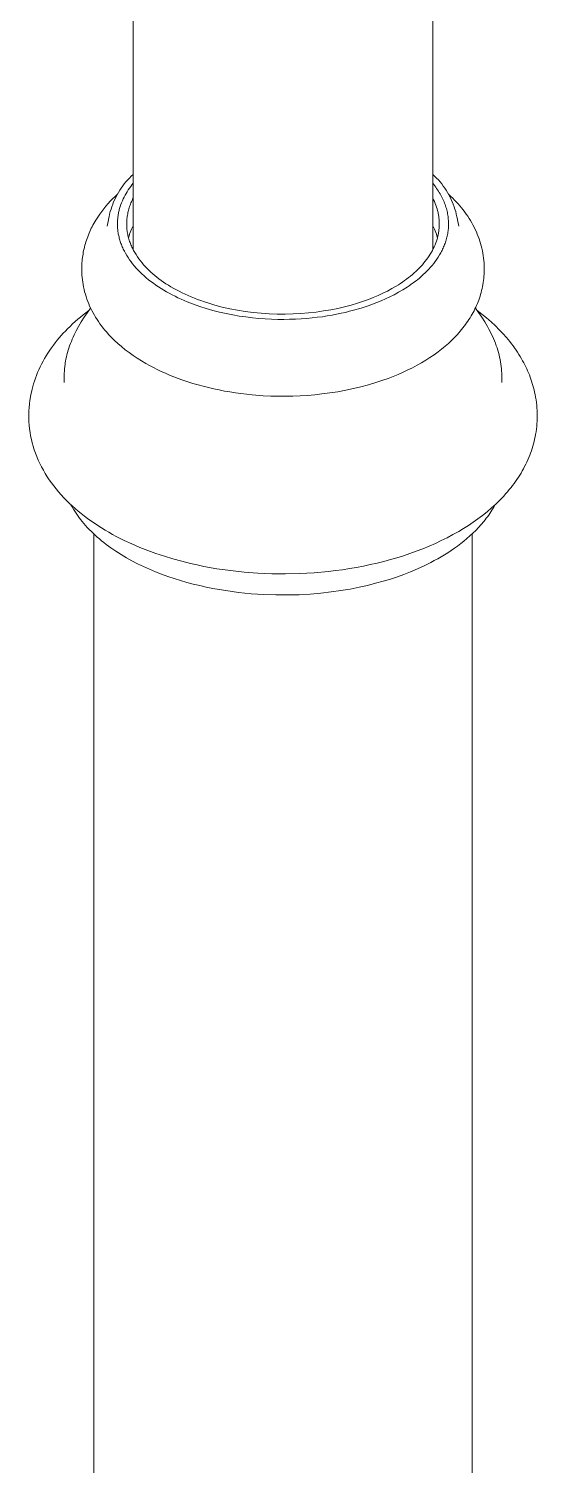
# Model space of a CAD drawing. Header units: millimetres. Extents: x -124 to 15640, y 659 to 4121.
# Drawn here: x 15412 to 15514.3, y 2555.3 to 2844.8 of the extents above; entities that cross this region are included whole.
import ezdxf

# ---------------------------------------------------------------- set-up
doc = ezdxf.new("R2010")
doc.units = ezdxf.units.MM
doc.layers.add('ZANO_R', color=7, linetype='Continuous', lineweight=0)

msp = doc.modelspace()

# ---------------------------------------------------------------- linework, layer by layer
at = {"layer": 'ZANO_R'}
for p, q in [((15433, 2800.29), (15433, 3364.63)), ((15493.3, 3366.05), (15493.3, 2800.29)), ((15431.2, 2813.55), (15431.53, 2813.96)), ((15431.53, 2813.96), (15431.88, 2814.35)), ((15431.88, 2814.35), (15432.24, 2814.73)), ((15432.24, 2814.73), (15432.61, 2815.1)), ((15432.61, 2815.1), (15433, 2815.46)), ((15493.3, 2815.46), (15493.68, 2815.1)), ((15493.68, 2815.1), (15494.06, 2814.73)), ((15494.06, 2814.73), (15494.42, 2814.35)), ((15494.42, 2814.35), (15494.76, 2813.96)), ((15494.76, 2813.96), (15495.1, 2813.55)), ((15428.85, 2810.57), (15429.34, 2811.05)), ((15429.28, 2810.43), (15429.5, 2810.9)), ((15429.34, 2811.05), (15429.84, 2811.52)), ((15429.5, 2810.9), (15429.75, 2811.37)), ((15429.75, 2811.37), (15430.01, 2811.82)), ((15430.01, 2811.82), (15430.28, 2812.27)), ((15430.28, 2812.27), (15430.57, 2812.71)), ((15430.57, 2812.71), (15430.88, 2813.14)), ((15430.88, 2813.14), (15431.2, 2813.55)), ((15431.17, 2810.9), (15430.98, 2810.53)), ((15431.36, 2811.27), (15431.17, 2810.9)), ((15431.57, 2811.64), (15431.36, 2811.27)), ((15431.78, 2811.99), (15431.57, 2811.64)), ((15432.01, 2812.34), (15431.78, 2811.99)), ((15432.24, 2812.69), (15432.01, 2812.34)), ((15432.49, 2813.03), (15432.24, 2812.69)), ((15432.74, 2813.36), (15432.49, 2813.03)), ((15433, 2813.69), (15432.74, 2813.36)), ((15493.3, 2813.69), (15493.51, 2813.43)), ((15493.51, 2813.43), (15493.71, 2813.17)), ((15493.71, 2813.17), (15493.9, 2812.91)), ((15493.9, 2812.91), (15494.08, 2812.65)), ((15494.08, 2812.65), (15494.26, 2812.39)), ((15494.26, 2812.39), (15494.44, 2812.12)), ((15494.44, 2812.12), (15494.6, 2811.85)), ((15494.6, 2811.85), (15494.76, 2811.59)), ((15494.76, 2811.59), (15494.91, 2811.32)), ((15494.91, 2811.32), (15495.05, 2811.05)), ((15495.05, 2811.05), (15495.19, 2810.78)), ((15495.1, 2813.55), (15495.42, 2813.13)), ((15495.42, 2813.13), (15495.72, 2812.71)), ((15495.72, 2812.71), (15496.01, 2812.27)), ((15496.01, 2812.27), (15496.29, 2811.82)), ((15496.29, 2811.82), (15496.55, 2811.37)), ((15496.45, 2811.52), (15496.95, 2811.05)), ((15496.55, 2811.37), (15496.79, 2810.9)), ((15496.79, 2810.9), (15497.02, 2810.43)), ((15496.95, 2811.05), (15497.33, 2810.68)), ((15426.27, 2807.49), (15426.66, 2808.02)), ((15426.66, 2808.02), (15427.06, 2808.55)), ((15427.06, 2808.55), (15427.49, 2809.07)), ((15427.49, 2809.07), (15427.93, 2809.58)), ((15427.93, 2809.58), (15428.38, 2810.08)), ((15428.38, 2810.08), (15428.85, 2810.57)), ((15428.38, 2807.97), (15428.53, 2808.47)), ((15428.53, 2808.47), (15428.69, 2808.97)), ((15428.69, 2808.97), (15428.87, 2809.46)), ((15428.87, 2809.46), (15429.06, 2809.95)), ((15429.06, 2809.95), (15429.28, 2810.43)), ((15430.15, 2808.18), (15430.1, 2807.98)), ((15430.2, 2808.38), (15430.15, 2808.18)), ((15430.25, 2808.58), (15430.2, 2808.38)), ((15430.37, 2808.98), (15430.25, 2808.58)), ((15430.51, 2809.38), (15430.37, 2808.98)), ((15430.65, 2809.77), (15430.51, 2809.38)), ((15430.81, 2810.15), (15430.65, 2809.77)), ((15430.98, 2810.53), (15430.81, 2810.15)), ((15431.93, 2807.78), (15431.99, 2808.03)), ((15431.99, 2808.03), (15432.05, 2808.27)), ((15432.05, 2808.27), (15432.12, 2808.52)), ((15432.12, 2808.52), (15432.2, 2808.76)), ((15432.2, 2808.76), (15432.28, 2809)), ((15432.28, 2809), (15432.36, 2809.25)), ((15432.36, 2809.25), (15432.45, 2809.49)), ((15432.45, 2809.49), (15432.55, 2809.73)), ((15432.55, 2809.73), (15432.66, 2809.97)), ((15432.66, 2809.97), (15432.76, 2810.21)), ((15432.76, 2810.21), (15432.88, 2810.45)), ((15432.88, 2810.45), (15433, 2810.69)), ((15493.3, 2810.69), (15493.47, 2810.34)), ((15493.47, 2810.34), (15493.64, 2809.99)), ((15493.64, 2809.99), (15493.79, 2809.63)), ((15493.79, 2809.63), (15493.93, 2809.27)), ((15493.93, 2809.27), (15494.05, 2808.9)), ((15494.05, 2808.9), (15494.17, 2808.54)), ((15494.17, 2808.54), (15494.27, 2808.17)), ((15494.27, 2808.17), (15494.36, 2807.79)), ((15495.19, 2810.78), (15495.32, 2810.51)), ((15495.32, 2810.51), (15495.44, 2810.24)), ((15495.44, 2810.24), (15495.56, 2809.97)), ((15495.56, 2809.97), (15495.67, 2809.7)), ((15495.67, 2809.7), (15495.77, 2809.43)), ((15495.77, 2809.43), (15495.87, 2809.16)), ((15495.87, 2809.16), (15495.95, 2808.88)), ((15495.95, 2808.88), (15496.03, 2808.61)), ((15496.03, 2808.61), (15496.11, 2808.34)), ((15496.11, 2808.34), (15496.18, 2808.07)), ((15496.18, 2808.07), (15496.24, 2807.8)), ((15497.02, 2810.43), (15497.23, 2809.95)), ((15497.23, 2809.95), (15497.43, 2809.46)), ((15497.33, 2810.68), (15497.7, 2810.3)), ((15497.43, 2809.46), (15497.61, 2808.97)), ((15497.61, 2808.97), (15497.77, 2808.47)), ((15497.7, 2810.3), (15498.07, 2809.91)), ((15497.77, 2808.47), (15497.91, 2807.97)), ((15498.07, 2809.91), (15498.42, 2809.52)), ((15498.42, 2809.52), (15498.76, 2809.12)), ((15498.76, 2809.12), (15499.1, 2808.72)), ((15499.1, 2808.72), (15499.42, 2808.31)), ((15499.42, 2808.31), (15499.74, 2807.89)), ((15424.73, 2804.94), (15424.9, 2805.27)), ((15424.9, 2805.27), (15425.08, 2805.6)), ((15425.08, 2805.6), (15425.26, 2805.92)), ((15425.26, 2805.92), (15425.45, 2806.24)), ((15425.45, 2806.24), (15425.85, 2806.87)), ((15425.85, 2806.87), (15426.27, 2807.49)), ((15427.75, 2805.06), (15428.03, 2806.35)), ((15427.98, 2805.91), (15428.05, 2806.43)), ((15428.05, 2806.43), (15428.14, 2806.95)), ((15428.14, 2806.95), (15428.25, 2807.46)), ((15428.25, 2807.46), (15428.38, 2807.97)), ((15429.83, 2805.89), (15429.82, 2805.68)), ((15429.82, 2805.68), (15429.82, 2805.46)), ((15429.82, 2805.46), (15429.82, 2805.25)), ((15429.82, 2805.25), (15429.83, 2805.03)), ((15429.84, 2806.1), (15429.83, 2805.89)), ((15429.85, 2806.31), (15429.84, 2806.1)), ((15429.87, 2806.52), (15429.85, 2806.31)), ((15429.89, 2806.73), (15429.87, 2806.52)), ((15429.92, 2806.94), (15429.89, 2806.73)), ((15429.95, 2807.15), (15429.92, 2806.94)), ((15429.98, 2807.36), (15429.95, 2807.15)), ((15430.02, 2807.57), (15429.98, 2807.36)), ((15430.06, 2807.77), (15430.02, 2807.57)), ((15430.1, 2807.98), (15430.06, 2807.77)), ((15431.68, 2805.57), (15431.69, 2805.82)), ((15431.68, 2805.33), (15431.68, 2805.57)), ((15431.69, 2805.08), (15431.68, 2805.33)), ((15431.69, 2805.82), (15431.7, 2806.06)), ((15431.7, 2806.06), (15431.71, 2806.31)), ((15431.71, 2806.31), (15431.74, 2806.55)), ((15431.74, 2806.55), (15431.76, 2806.8)), ((15431.76, 2806.8), (15431.8, 2807.04)), ((15431.8, 2807.04), (15431.84, 2807.29)), ((15431.84, 2807.29), (15431.88, 2807.54)), ((15431.88, 2807.54), (15431.93, 2807.78)), ((15433, 2805.14), (15432.83, 2804.81)), ((15493.47, 2804.81), (15493.3, 2805.14)), ((15494.36, 2807.79), (15494.4, 2807.61)), ((15494.4, 2807.61), (15494.44, 2807.42)), ((15494.44, 2807.42), (15494.47, 2807.23)), ((15494.47, 2807.23), (15494.5, 2807.04)), ((15494.5, 2807.04), (15494.53, 2806.85)), ((15494.53, 2806.85), (15494.55, 2806.66)), ((15494.55, 2806.66), (15494.57, 2806.47)), ((15494.57, 2806.47), (15494.58, 2806.28)), ((15494.58, 2806.28), (15494.6, 2806.09)), ((15494.6, 2806.09), (15494.61, 2805.9)), ((15494.61, 2805.13), (15494.6, 2804.93)), ((15494.61, 2805.9), (15494.61, 2805.7)), ((15494.61, 2805.7), (15494.61, 2805.51)), ((15494.61, 2805.51), (15494.61, 2805.32)), ((15494.61, 2805.32), (15494.61, 2805.13)), ((15496.24, 2807.8), (15496.29, 2807.53)), ((15496.29, 2807.53), (15496.33, 2807.26)), ((15496.33, 2807.26), (15496.37, 2806.99)), ((15496.37, 2806.99), (15496.41, 2806.72)), ((15496.41, 2806.72), (15496.43, 2806.45)), ((15496.43, 2806.45), (15496.45, 2806.18)), ((15496.45, 2806.18), (15496.47, 2805.91)), ((15496.47, 2805.12), (15496.46, 2804.86)), ((15496.47, 2805.91), (15496.47, 2805.65)), ((15496.47, 2805.65), (15496.47, 2805.38)), ((15496.47, 2805.38), (15496.47, 2805.12)), ((15497.91, 2807.97), (15498.04, 2807.46)), ((15498.04, 2807.46), (15498.15, 2806.94)), ((15498.15, 2806.94), (15498.25, 2806.43)), ((15498.25, 2806.43), (15498.32, 2805.91)), ((15498.27, 2806.35), (15498.54, 2805.06)), ((15499.74, 2807.89), (15500.04, 2807.47)), ((15500.04, 2807.47), (15500.33, 2807.05)), ((15500.33, 2807.05), (15500.61, 2806.61)), ((15500.61, 2806.61), (15500.89, 2806.17)), ((15500.89, 2806.17), (15501.15, 2805.73)), ((15501.15, 2805.73), (15501.39, 2805.28)), ((15501.39, 2805.28), (15501.63, 2804.82)), ((15423.48, 2801.88), (15423.59, 2802.23)), ((15423.59, 2802.23), (15423.71, 2802.58)), ((15423.71, 2802.58), (15423.83, 2802.92)), ((15423.83, 2802.92), (15423.97, 2803.27)), ((15423.97, 2803.27), (15424.11, 2803.61)), ((15424.11, 2803.61), (15424.25, 2803.94)), ((15424.25, 2803.94), (15424.4, 2804.28)), ((15424.4, 2804.28), (15424.56, 2804.61)), ((15424.56, 2804.61), (15424.73, 2804.94)), ((15429.83, 2805.03), (15429.84, 2804.82)), ((15429.84, 2804.82), (15429.86, 2804.6)), ((15429.86, 2804.6), (15429.88, 2804.38)), ((15429.88, 2804.38), (15429.9, 2804.17)), ((15429.9, 2804.17), (15429.93, 2803.95)), ((15429.93, 2803.95), (15429.96, 2803.73)), ((15429.96, 2803.73), (15430, 2803.51)), ((15430, 2803.51), (15430.04, 2803.29)), ((15430.04, 2803.29), (15430.09, 2803.07)), ((15430.09, 2803.07), (15430.14, 2802.86)), ((15430.14, 2802.86), (15430.19, 2802.64)), ((15430.19, 2802.64), (15430.25, 2802.42)), ((15430.25, 2802.42), (15430.31, 2802.2)), ((15431.7, 2804.84), (15431.69, 2805.08)), ((15431.72, 2804.6), (15431.7, 2804.84)), ((15431.74, 2804.35), (15431.72, 2804.6)), ((15431.77, 2804.11), (15431.74, 2804.35)), ((15431.81, 2803.87), (15431.77, 2804.11)), ((15431.85, 2803.63), (15431.81, 2803.87)), ((15431.89, 2803.39), (15431.85, 2803.63)), ((15431.94, 2803.15), (15431.89, 2803.39)), ((15432, 2802.92), (15431.94, 2803.15)), ((15432.06, 2802.68), (15432, 2802.92)), ((15432.16, 2803.08), (15432.05, 2802.72)), ((15432.13, 2802.45), (15432.06, 2802.68)), ((15432.2, 2802.21), (15432.13, 2802.45)), ((15432.27, 2803.43), (15432.16, 2803.08)), ((15432.28, 2801.98), (15432.2, 2802.21)), ((15432.39, 2803.78), (15432.27, 2803.43)), ((15432.53, 2804.13), (15432.39, 2803.78)), ((15432.68, 2804.47), (15432.53, 2804.13)), ((15432.83, 2804.81), (15432.68, 2804.47)), ((15493.62, 2804.47), (15493.47, 2804.81)), ((15493.77, 2804.13), (15493.62, 2804.47)), ((15493.9, 2803.78), (15493.77, 2804.13)), ((15494.03, 2803.43), (15493.9, 2803.78)), ((15494.14, 2803.08), (15494.03, 2803.43)), ((15494.1, 2802.23), (15494.04, 2802.04)), ((15494.16, 2802.43), (15494.1, 2802.23)), ((15494.25, 2802.72), (15494.14, 2803.08)), ((15494.22, 2802.62), (15494.16, 2802.43)), ((15494.27, 2802.81), (15494.22, 2802.62)), ((15494.32, 2803), (15494.27, 2802.81)), ((15494.36, 2803.2), (15494.32, 2803)), ((15494.4, 2803.39), (15494.36, 2803.2)), ((15494.44, 2803.58), (15494.4, 2803.39)), ((15494.47, 2803.78), (15494.44, 2803.58)), ((15494.5, 2803.97), (15494.47, 2803.78)), ((15494.53, 2804.16), (15494.5, 2803.97)), ((15494.55, 2804.36), (15494.53, 2804.16)), ((15494.57, 2804.55), (15494.55, 2804.36)), ((15494.59, 2804.74), (15494.57, 2804.55)), ((15494.6, 2804.93), (15494.59, 2804.74)), ((15496.01, 2802.3), (15495.94, 2802.05)), ((15496.08, 2802.55), (15496.01, 2802.3)), ((15496.15, 2802.8), (15496.08, 2802.55)), ((15496.21, 2803.05), (15496.15, 2802.8)), ((15496.26, 2803.31), (15496.21, 2803.05)), ((15496.31, 2803.56), (15496.26, 2803.31)), ((15496.35, 2803.82), (15496.31, 2803.56)), ((15496.38, 2804.07), (15496.35, 2803.82)), ((15496.41, 2804.33), (15496.38, 2804.07)), ((15496.44, 2804.59), (15496.41, 2804.33)), ((15496.46, 2804.86), (15496.44, 2804.59)), ((15501.63, 2804.82), (15501.86, 2804.35)), ((15501.86, 2804.35), (15502.07, 2803.9)), ((15502.07, 2803.9), (15502.26, 2803.44)), ((15502.26, 2803.44), (15502.45, 2802.97)), ((15502.45, 2802.97), (15502.62, 2802.5)), ((15502.62, 2802.5), (15502.78, 2802.03)), ((15422.83, 2799.08), (15422.89, 2799.43)), ((15422.89, 2799.43), (15422.95, 2799.78)), ((15422.95, 2799.78), (15423.02, 2800.14)), ((15423.02, 2800.14), (15423.1, 2800.49)), ((15423.1, 2800.49), (15423.18, 2800.84)), ((15423.18, 2800.84), (15423.27, 2801.19)), ((15423.27, 2801.19), (15423.37, 2801.54)), ((15423.37, 2801.54), (15423.48, 2801.88)), ((15430.31, 2802.2), (15430.38, 2801.98)), ((15430.38, 2801.98), (15430.46, 2801.76)), ((15430.46, 2801.76), (15430.53, 2801.54)), ((15430.53, 2801.54), (15430.62, 2801.32)), ((15430.62, 2801.32), (15430.7, 2801.1)), ((15430.7, 2801.1), (15430.79, 2800.88)), ((15430.79, 2800.88), (15430.89, 2800.66)), ((15430.89, 2800.66), (15430.99, 2800.44)), ((15430.99, 2800.44), (15431.1, 2800.22)), ((15431.1, 2800.22), (15431.21, 2800.01)), ((15431.21, 2800.01), (15431.44, 2799.57)), ((15431.44, 2799.57), (15431.69, 2799.14)), ((15432.36, 2801.75), (15432.28, 2801.98)), ((15432.45, 2801.52), (15432.36, 2801.75)), ((15432.54, 2801.29), (15432.45, 2801.52)), ((15432.63, 2801.06), (15432.54, 2801.29)), ((15432.73, 2800.84), (15432.63, 2801.06)), ((15432.84, 2800.61), (15432.73, 2800.84)), ((15432.95, 2800.39), (15432.84, 2800.61)), ((15433.07, 2800.17), (15432.95, 2800.39)), ((15433.18, 2799.95), (15433.07, 2800.17)), ((15433.31, 2799.73), (15433.18, 2799.95)), ((15433.44, 2799.51), (15433.31, 2799.73)), ((15433.57, 2799.3), (15433.44, 2799.51)), ((15492.8, 2799.41), (15492.56, 2799.04)), ((15493.02, 2799.78), (15492.8, 2799.41)), ((15493.22, 2800.15), (15493.02, 2799.78)), ((15493.41, 2800.52), (15493.22, 2800.15)), ((15493.59, 2800.9), (15493.41, 2800.52)), ((15493.76, 2801.28), (15493.59, 2800.9)), ((15493.91, 2801.66), (15493.76, 2801.28)), ((15494.04, 2802.04), (15493.91, 2801.66)), ((15494.8, 2799.47), (15494.67, 2799.24)), ((15494.92, 2799.69), (15494.8, 2799.47)), ((15495.05, 2799.92), (15494.92, 2799.69)), ((15495.16, 2800.15), (15495.05, 2799.92)), ((15495.28, 2800.38), (15495.16, 2800.15)), ((15495.39, 2800.61), (15495.28, 2800.38)), ((15495.49, 2800.85), (15495.39, 2800.61)), ((15495.59, 2801.09), (15495.49, 2800.85)), ((15495.68, 2801.33), (15495.59, 2801.09)), ((15495.77, 2801.57), (15495.68, 2801.33)), ((15495.86, 2801.81), (15495.77, 2801.57)), ((15495.94, 2802.05), (15495.86, 2801.81)), ((15502.78, 2802.03), (15502.92, 2801.55)), ((15502.92, 2801.55), (15503.06, 2801.07)), ((15503.06, 2801.07), (15503.18, 2800.58)), ((15503.18, 2800.58), (15503.29, 2800.09)), ((15503.29, 2800.09), (15503.38, 2799.6)), ((15503.38, 2799.6), (15503.46, 2799.11)), ((15422.63, 2796.63), (15422.64, 2796.98)), ((15422.63, 2796.15), (15422.63, 2796.63)), ((15422.64, 2796.98), (15422.66, 2797.33)), ((15422.66, 2797.33), (15422.68, 2797.68)), ((15422.68, 2797.68), (15422.71, 2798.04)), ((15422.71, 2798.04), (15422.74, 2798.39)), ((15422.74, 2798.39), (15422.78, 2798.73)), ((15422.78, 2798.73), (15422.83, 2799.08)), ((15431.69, 2799.14), (15431.96, 2798.71)), ((15431.96, 2798.71), (15432.25, 2798.28)), ((15432.25, 2798.28), (15432.56, 2797.86)), ((15432.56, 2797.86), (15432.88, 2797.44)), ((15432.88, 2797.44), (15433.22, 2797.03)), ((15433.22, 2797.03), (15433.58, 2796.61)), ((15433.84, 2798.88), (15433.57, 2799.3)), ((15433.58, 2796.61), (15433.96, 2796.21)), ((15434.14, 2798.46), (15433.84, 2798.88)), ((15434.44, 2798.05), (15434.14, 2798.46)), ((15434.77, 2797.65), (15434.44, 2798.05)), ((15435.1, 2797.26), (15434.77, 2797.65)), ((15435.45, 2796.87), (15435.1, 2797.26)), ((15435.81, 2796.5), (15435.45, 2796.87)), ((15436.18, 2796.13), (15435.81, 2796.5)), ((15490.58, 2796.59), (15490.25, 2796.26)), ((15490.9, 2796.93), (15490.58, 2796.59)), ((15491.21, 2797.27), (15490.9, 2796.93)), ((15491.5, 2797.62), (15491.21, 2797.27)), ((15491.79, 2797.97), (15491.5, 2797.62)), ((15492.06, 2798.32), (15491.79, 2797.97)), ((15492.32, 2798.68), (15492.06, 2798.32)), ((15492.56, 2799.04), (15492.32, 2798.68)), ((15492.83, 2796.75), (15492.48, 2796.36)), ((15493.17, 2797.14), (15492.83, 2796.75)), ((15493.5, 2797.54), (15493.17, 2797.14)), ((15493.81, 2797.95), (15493.5, 2797.54)), ((15494.11, 2798.37), (15493.81, 2797.95)), ((15494.4, 2798.8), (15494.11, 2798.37)), ((15494.67, 2799.24), (15494.4, 2798.8)), ((15503.46, 2799.11), (15503.53, 2798.62)), ((15503.53, 2798.62), (15503.58, 2798.12)), ((15503.58, 2798.12), (15503.62, 2797.62)), ((15503.62, 2797.62), (15503.65, 2797.13)), ((15503.65, 2797.13), (15503.66, 2796.63)), ((15503.66, 2796.63), (15503.66, 2796.2)), ((15422.65, 2795.67), (15422.63, 2796.15)), ((15422.67, 2795.19), (15422.65, 2795.67)), ((15422.71, 2794.71), (15422.67, 2795.19)), ((15422.76, 2794.23), (15422.71, 2794.71)), ((15422.83, 2793.75), (15422.76, 2794.23)), ((15422.91, 2793.28), (15422.83, 2793.75)), ((15433.96, 2796.21), (15434.35, 2795.81)), ((15434.35, 2795.81), (15434.76, 2795.41)), ((15434.76, 2795.41), (15435.19, 2795.02)), ((15435.19, 2795.02), (15435.63, 2794.64)), ((15435.63, 2794.64), (15436.09, 2794.26)), ((15436.09, 2794.26), (15436.56, 2793.89)), ((15436.55, 2795.79), (15436.18, 2796.13)), ((15436.93, 2795.45), (15436.55, 2795.79)), ((15436.56, 2793.89), (15437.05, 2793.53)), ((15437.33, 2795.11), (15436.93, 2795.45)), ((15437.05, 2793.53), (15437.55, 2793.17)), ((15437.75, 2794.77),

**TASK DESCRIPTION:**
Across the entries above, count the lines with the word "units" and report that count by itself.

**FINAL ANSWER:**
2